The current behaviour is the expected effect of the fix to bug 4321293 
in that previously it would 'soft hang', now it just logs the error and 
returns an error to the client.

If the NFS server is stuck processing incoming requests so that it never 
replies then the incoming requests will fill up the dup request cache. 
In other words, if there's some other problem that is preventing the NFS 
server from replying to requests then you will also see this behaviour. 
In that case the dup syslog messages are a side effect of the underlying 
problem, ie the NFS server not being able to process requests at all, or 
at least fast enough.

-- Peter



[nfs-discuss] svc_cots_kdup no slots free

2006-06-16 Thread Robert Milkowski
Hello Spencer,

Thursday, June 15, 2006, 11:48:57 PM, you wrote:

SS> On Thu, Robert Milkowski wrote:
>> Hello nfs-discuss,
>> 
>>   Sometimes on nfs servers I get below messages and then I have
>>   performance problems. What are they about and what can I do about
>>   this?
>> 
>>   rpcmod: [ID 851375 kern.warning] WARNING: svc_cots_kdup no slots free
>>   last message repeated 700353 times

SS> This is an error from the NFS server when it attempts to place
SS> a request into the duplicate request cache and finds that
SS> all of the ones in the duplicate request table are "in progress".

SS> The maximum for the duplicate request cache is 1024.
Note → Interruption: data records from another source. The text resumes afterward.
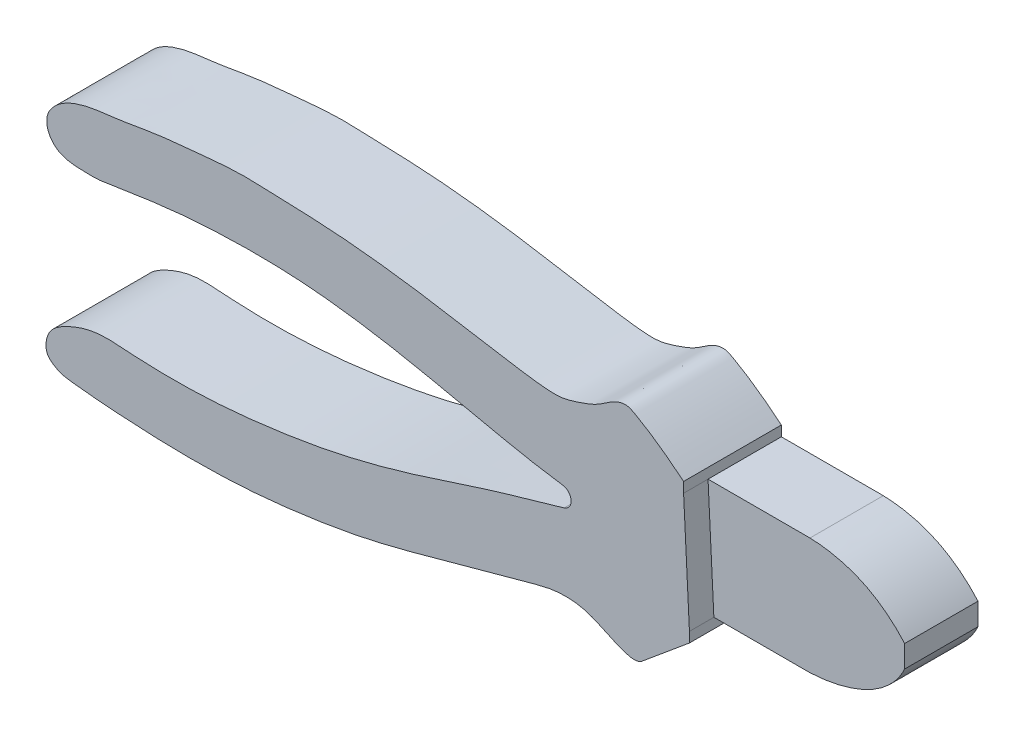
ISO-10303-21;
HEADER;
FILE_DESCRIPTION(('STEP AP214'),'2;1');
FILE_NAME('part.step','',(''),(''),'','','');
FILE_SCHEMA(('AUTOMOTIVE_DESIGN { 1 0 10303 214 1 1 1 1 }'));
ENDSEC;
DATA;
#1=APPLICATION_CONTEXT('core data for automotive mechanical design processes');
#2=APPLICATION_PROTOCOL_DEFINITION('international standard','automotive_design',2000,#1);
#3=PRODUCT_CONTEXT('',#1,'mechanical');
#4=PRODUCT('Part','Part','',(#3));
#5=PRODUCT_RELATED_PRODUCT_CATEGORY('part','',(#4));
#6=PRODUCT_DEFINITION_FORMATION('','',#4);
#7=PRODUCT_DEFINITION_CONTEXT('part definition',#1,'design');
#8=PRODUCT_DEFINITION('design','',#6,#7);
#9=PRODUCT_DEFINITION_SHAPE('','',#8);
#10=(LENGTH_UNIT() NAMED_UNIT(*) SI_UNIT(.MILLI.,.METRE.));
#11=(NAMED_UNIT(*) PLANE_ANGLE_UNIT() SI_UNIT($,.RADIAN.));
#12=(NAMED_UNIT(*) SI_UNIT($,.STERADIAN.) SOLID_ANGLE_UNIT());
#13=UNCERTAINTY_MEASURE_WITH_UNIT(LENGTH_MEASURE(1.E-05),#10,'distance_accuracy_value','');
#14=(GEOMETRIC_REPRESENTATION_CONTEXT(3) GLOBAL_UNCERTAINTY_ASSIGNED_CONTEXT((#13)) GLOBAL_UNIT_ASSIGNED_CONTEXT((#10,
#11,#12)) REPRESENTATION_CONTEXT('',''));
#15=CARTESIAN_POINT('',(0.,0.,0.));
#16=DIRECTION('',(0.,0.,1.));
#17=DIRECTION('',(1.,0.,0.));
#18=AXIS2_PLACEMENT_3D('',#15,#16,#17);
#19=CARTESIAN_POINT('',(2.59423328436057,48.3108363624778,-10.));
#20=CARTESIAN_POINT('',(1.47646928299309,46.2620053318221,-10.));
#21=CARTESIAN_POINT('',(2.66051111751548,42.8560888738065,-10.));
#22=CARTESIAN_POINT('',(6.5858538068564,41.3022828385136,-10.));
#23=CARTESIAN_POINT('',(9.56225288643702,41.2352917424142,-10.));
#24=CARTESIAN_POINT('',(12.3760863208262,41.1368955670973,-10.));
#25=CARTESIAN_POINT('',(17.9784928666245,42.0328737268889,-10.));
#26=CARTESIAN_POINT('',(27.1865835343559,43.4763817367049,-10.));
#27=CARTESIAN_POINT('',(40.8679135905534,44.3804355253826,-10.));
#28=CARTESIAN_POINT('',(56.9925215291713,44.0656132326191,-10.));
#29=CARTESIAN_POINT('',(75.780755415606,41.245410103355,-10.));
#30=CARTESIAN_POINT('',(92.9534435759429,37.1633292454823,-10.));
#31=CARTESIAN_POINT('',(103.971043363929,35.0986701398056,-10.));
#32=CARTESIAN_POINT('',(107.630187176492,34.6050114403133,-10.));
#33=B_SPLINE_CURVE_WITH_KNOTS('',3,(#19,#20,#21,#22,#23,#24,#25,#26,#27,#28,#29,#30,#31,#32),
.UNSPECIFIED.,.F.,.F.,(4,1,1,1,1,1,1,1,1,1,1,4),(0.173029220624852,0.220476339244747,
0.237410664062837,0.264634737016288,0.286507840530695,0.300105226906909,0.391007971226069,
0.494697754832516,0.605638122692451,0.750424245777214,0.917570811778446,1.),.UNSPECIFIED.);
#34=DIRECTION('',(0.,0.,1.));
#35=VECTOR('',#34,1.);
#36=SURFACE_OF_LINEAR_EXTRUSION('',#33,#35);
#37=DIRECTION('',(0.,0.,1.));
#38=VECTOR('',#37,1.);
#39=CARTESIAN_POINT('',(107.630187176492,34.6050114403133,-10.));
#40=LINE('',#39,#38);
#41=CARTESIAN_POINT('',(107.630187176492,34.6050114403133,-10.));
#42=VERTEX_POINT('',#41);
#43=CARTESIAN_POINT('',(107.630187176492,34.6050114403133,10.));
#44=VERTEX_POINT('',#43);
#45=EDGE_CURVE('E191',#42,#44,#40,.T.);
#46=ORIENTED_EDGE('',*,*,#45,.T.);
#47=CARTESIAN_POINT('',(2.59423328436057,48.3108363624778,10.));
#48=CARTESIAN_POINT('',(1.47646928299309,46.2620053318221,10.));
#49=CARTESIAN_POINT('',(2.66051111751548,42.8560888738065,10.));
#50=CARTESIAN_POINT('',(6.5858538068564,41.3022828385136,10.));
#51=CARTESIAN_POINT('',(9.56225288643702,41.2352917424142,10.));
#52=CARTESIAN_POINT('',(12.3760863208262,41.1368955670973,10.));
#53=CARTESIAN_POINT('',(17.9784928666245,42.0328737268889,10.));
#54=CARTESIAN_POINT('',(27.1865835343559,43.4763817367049,10.));
#55=CARTESIAN_POINT('',(40.8679135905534,44.3804355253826,10.));
#56=CARTESIAN_POINT('',(56.9925215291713,44.0656132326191,10.));
#57=CARTESIAN_POINT('',(75.780755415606,41.245410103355,10.));
#58=CARTESIAN_POINT('',(92.9534435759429,37.1633292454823,10.));
#59=CARTESIAN_POINT('',(103.971043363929,35.0986701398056,10.));
#60=CARTESIAN_POINT('',(107.630187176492,34.6050114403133,10.));
#61=B_SPLINE_CURVE_WITH_KNOTS('',3,(#47,#48,#49,#50,#51,#52,#53,#54,#55,#56,#57,#58,#59,#60),
.UNSPECIFIED.,.F.,.F.,(4,1,1,1,1,1,1,1,1,1,1,4),(0.173029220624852,0.220476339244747,
0.237410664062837,0.264634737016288,0.286507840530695,0.300105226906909,0.391007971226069,
0.494697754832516,0.605638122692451,0.750424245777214,0.917570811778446,1.),.UNSPECIFIED.);
#62=CARTESIAN_POINT('',(2.59423328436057,48.3108363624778,10.));
#63=VERTEX_POINT('',#62);
#64=EDGE_CURVE('E253',#63,#44,#61,.T.);
#65=ORIENTED_EDGE('',*,*,#64,.F.);
#66=DIRECTION('',(0.,0.,1.));
#67=VECTOR('',#66,1.);
#68=CARTESIAN_POINT('',(2.59423328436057,48.3108363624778,-10.));
#69=LINE('',#68,#67);
#70=CARTESIAN_POINT('',(2.59423328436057,48.3108363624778,-10.));
#71=VERTEX_POINT('',#70);
#72=EDGE_CURVE('E11',#71,#63,#69,.T.);
#73=ORIENTED_EDGE('',*,*,#72,.F.);
#74=EDGE_CURVE('E294',#71,#42,#33,.T.);
#75=ORIENTED_EDGE('',*,*,#74,.T.);
#76=EDGE_LOOP('',(#46,#65,#73,#75));
#77=FACE_BOUND('',#76,.T.);
#78=ADVANCED_FACE('F39',(#77),#36,.T.);
#79=CARTESIAN_POINT('',(132.369670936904,47.6205061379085,-10.));
#80=CARTESIAN_POINT('',(128.995611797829,50.3860055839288,-10.));
#81=CARTESIAN_POINT('',(125.642014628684,52.8778427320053,-10.));
#82=CARTESIAN_POINT('',(120.976889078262,55.3938767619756,-10.));
#83=CARTESIAN_POINT('',(119.218269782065,55.1580822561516,-10.));
#84=CARTESIAN_POINT('',(117.137784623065,54.1487715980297,-10.));
#85=CARTESIAN_POINT('',(114.725193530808,52.2265677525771,-10.));
#86=CARTESIAN_POINT('',(111.076725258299,50.9475573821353,-10.));
#87=CARTESIAN_POINT('',(107.483571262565,49.7932053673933,-10.));
#88=CARTESIAN_POINT('',(103.17865934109,50.021589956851,-10.));
#89=CARTESIAN_POINT('',(97.354781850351,50.8871071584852,-10.));
#90=CARTESIAN_POINT('',(88.8389636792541,52.2998702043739,-10.));
#91=CARTESIAN_POINT('',(79.0048645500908,54.0071144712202,-10.));
#92=CARTESIAN_POINT('',(67.9767815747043,55.4653615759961,-10.));
#93=CARTESIAN_POINT('',(57.9908738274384,56.3120323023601,-10.));
#94=CARTESIAN_POINT('',(49.2714015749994,56.4996536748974,-10.));
#95=CARTESIAN_POINT('',(40.7839541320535,56.9741615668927,-10.));
#96=CARTESIAN_POINT('',(32.6858319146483,56.0256149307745,-10.));
#97=CARTESIAN_POINT('',(24.1318491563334,55.272111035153,-10.));
#98=CARTESIAN_POINT('',(16.6381859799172,53.7468103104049,-10.));
#99=CARTESIAN_POINT('',(8.81025843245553,53.2542794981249,-10.));
#100=CARTESIAN_POINT('',(3.872862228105,50.4982255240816,-10.));
#101=CARTESIAN_POINT('',(2.59423328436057,48.3108363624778,-10.));
#102=B_SPLINE_CURVE_WITH_KNOTS('',3,(#79,#80,#81,#82,#83,#84,#85,#86,#87,#88,#89,#90,#91,#92,
#93,#94,#95,#96,#97,#98,#99,#100,#101),.UNSPECIFIED.,.F.,.F.,(4,1,1,1,1,1,1,1,1,1,1,1,1,1,1,1,1,
1,1,1,4),(0.,0.0894459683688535,0.101433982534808,0.114075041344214,0.126744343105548,
0.152595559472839,0.181536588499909,0.21179973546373,0.23523853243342,0.275985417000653,
0.34251625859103,0.426256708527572,0.497072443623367,0.588829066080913,0.647993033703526,
0.690272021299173,0.776828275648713,0.827938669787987,0.880355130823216,0.946145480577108,1.),.UNSPECIFIED.);
#103=DIRECTION('',(0.,0.,1.));
#104=VECTOR('',#103,1.);
#105=SURFACE_OF_LINEAR_EXTRUSION('',#102,#104);
#106=ORIENTED_EDGE('',*,*,#72,.T.);
#107=CARTESIAN_POINT('',(132.369670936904,47.6205061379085,10.));
#108=CARTESIAN_POINT('',(128.995611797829,50.3860055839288,10.));
#109=CARTESIAN_POINT('',(125.642014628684,52.8778427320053,10.));
#110=CARTESIAN_POINT('',(120.976889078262,55.3938767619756,10.));
#111=CARTESIAN_POINT('',(119.218269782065,55.1580822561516,10.));
#112=CARTESIAN_POINT('',(117.137784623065,54.1487715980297,10.));
#113=CARTESIAN_POINT('',(114.725193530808,52.2265677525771,10.));
#114=CARTESIAN_POINT('',(111.076725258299,50.9475573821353,10.));
#115=CARTESIAN_POINT('',(107.483571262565,49.7932053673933,10.));
#116=CARTESIAN_POINT('',(103.17865934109,50.021589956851,10.));
#117=CARTESIAN_POINT('',(97.354781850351,50.8871071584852,10.));
#118=CARTESIAN_POINT('',(88.8389636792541,52.2998702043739,10.));
#119=CARTESIAN_POINT('',(79.0048645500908,54.0071144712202,10.));
#120=CARTESIAN_POINT('',(67.9767815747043,55.4653615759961,10.));
#121=CARTESIAN_POINT('',(57.9908738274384,56.3120323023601,10.));
#122=CARTESIAN_POINT('',(49.2714015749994,56.4996536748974,10.));
#123=CARTESIAN_POINT('',(40.7839541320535,56.9741615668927,10.));
#124=CARTESIAN_POINT('',(32.6858319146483,56.0256149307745,10.));
#125=CARTESIAN_POINT('',(24.1318491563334,55.272111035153,10.));
#126=CARTESIAN_POINT('',(16.6381859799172,53.7468103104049,10.));
#127=CARTESIAN_POINT('',(8.81025843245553,53.2542794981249,10.));
#128=CARTESIAN_POINT('',(3.872862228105,50.4982255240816,10.));
#129=CARTESIAN_POINT('',(2.59423328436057,48.3108363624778,10.));
#130=B_SPLINE_CURVE_WITH_KNOTS('',3,(#107,#108,#109,#110,#111,#112,#113,#114,#115,#116,#117,
#118,#119,#120,#121,#122,#123,#124,#125,#126,#127,#128,#129),.UNSPECIFIED.,.F.,.F.,(4,1,1,1,1,1,
1,1,1,1,1,1,1,1,1,1,1,1,1,1,4),(0.,0.0894459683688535,0.101433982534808,0.114075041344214,
0.126744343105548,0.152595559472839,0.181536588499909,0.21179973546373,0.23523853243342,
0.275985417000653,0.34251625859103,0.426256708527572,0.497072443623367,0.588829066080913,
0.647993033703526,0.690272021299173,0.776828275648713,0.827938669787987,0.880355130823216,
0.946145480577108,1.),.UNSPECIFIED.);
#131=CARTESIAN_POINT('',(132.369670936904,47.6205061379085,10.));
#132=VERTEX_POINT('',#131);
#133=EDGE_CURVE('E289',#132,#63,#130,.T.);
#134=ORIENTED_EDGE('',*,*,#133,.F.);
#135=DIRECTION('',(0.,0.,1.));
#136=VECTOR('',#135,1.);
#137=CARTESIAN_POINT('',(132.369670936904,47.6205061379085,-10.));
#138=LINE('',#137,#136);
#139=CARTESIAN_POINT('',(132.369670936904,47.6205061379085,-10.));
#140=VERTEX_POINT('',#139);
#141=EDGE_CURVE('E49',#140,#132,#138,.T.);
#142=ORIENTED_EDGE('',*,*,#141,.F.);
#143=EDGE_CURVE('E193',#140,#71,#102,.T.);
#144=ORIENTED_EDGE('',*,*,#143,.T.);
#145=EDGE_LOOP('',(#106,#134,#142,#144));
#146=FACE_BOUND('',#145,.T.);
#147=ADVANCED_FACE('F340',(#146),#105,.T.);
#148=CARTESIAN_POINT('',(132.369670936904,47.6205061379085,-10.));
#149=DIRECTION('',(1.,0.,0.));
#150=DIRECTION('',(0.,0.,-1.));
#151=AXIS2_PLACEMENT_3D('',#148,#149,#150);
#152=PLANE('',#151);
#153=ORIENTED_EDGE('',*,*,#141,.T.);
#154=DIRECTION('',(0.,1.,0.));
#155=VECTOR('',#154,1.);
#156=CARTESIAN_POINT('',(132.369670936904,47.6205061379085,10.));
#157=LINE('',#156,#155);
#158=CARTESIAN_POINT('',(132.369670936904,45.5254586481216,10.));
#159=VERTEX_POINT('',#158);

SS> The most effective way to increase the value is /etc/system
SS> and the variable would be: rpcmod:cotsmaxdupreqs 

And when it finds that all requests are 'in progress' - then what?
Thank you for info.


btw: it looks like A LOT of messages are being sent in that case to
syslog and that is perhaps one of the things which kills performance
and makes whole server unresponsive.

-- 
Best regards,
 Robertmailto:rmilkowski at task.gda.pl
   http://milek.blogspot.com




[nfs-discuss] svc_cots_kdup no slots free

2006-06-15 Thread Robert Milkowski
Hello nfs-discuss,

  Sometimes on nfs servers I get below messages and then I have
  performance problems. What are they about and what can I do about
  this?

  rpcmod: [ID 851375 kern.warning] WARNING: svc_cots_kdup no slots free
  last message repeated 700353 times

-- 
Best regards,
 Robert  mailto:rmilkowski at task.gda.pl
 http://milek.blogspot.com




[nfs-discuss] svc_cots_kdup no slots free

2006-06-15 Thread Robert Gordon

On Jun 15, 2006, at 5:32 PM, Robert Milkowski wrote:

> And when it finds that all requests are 'in progress' - then what?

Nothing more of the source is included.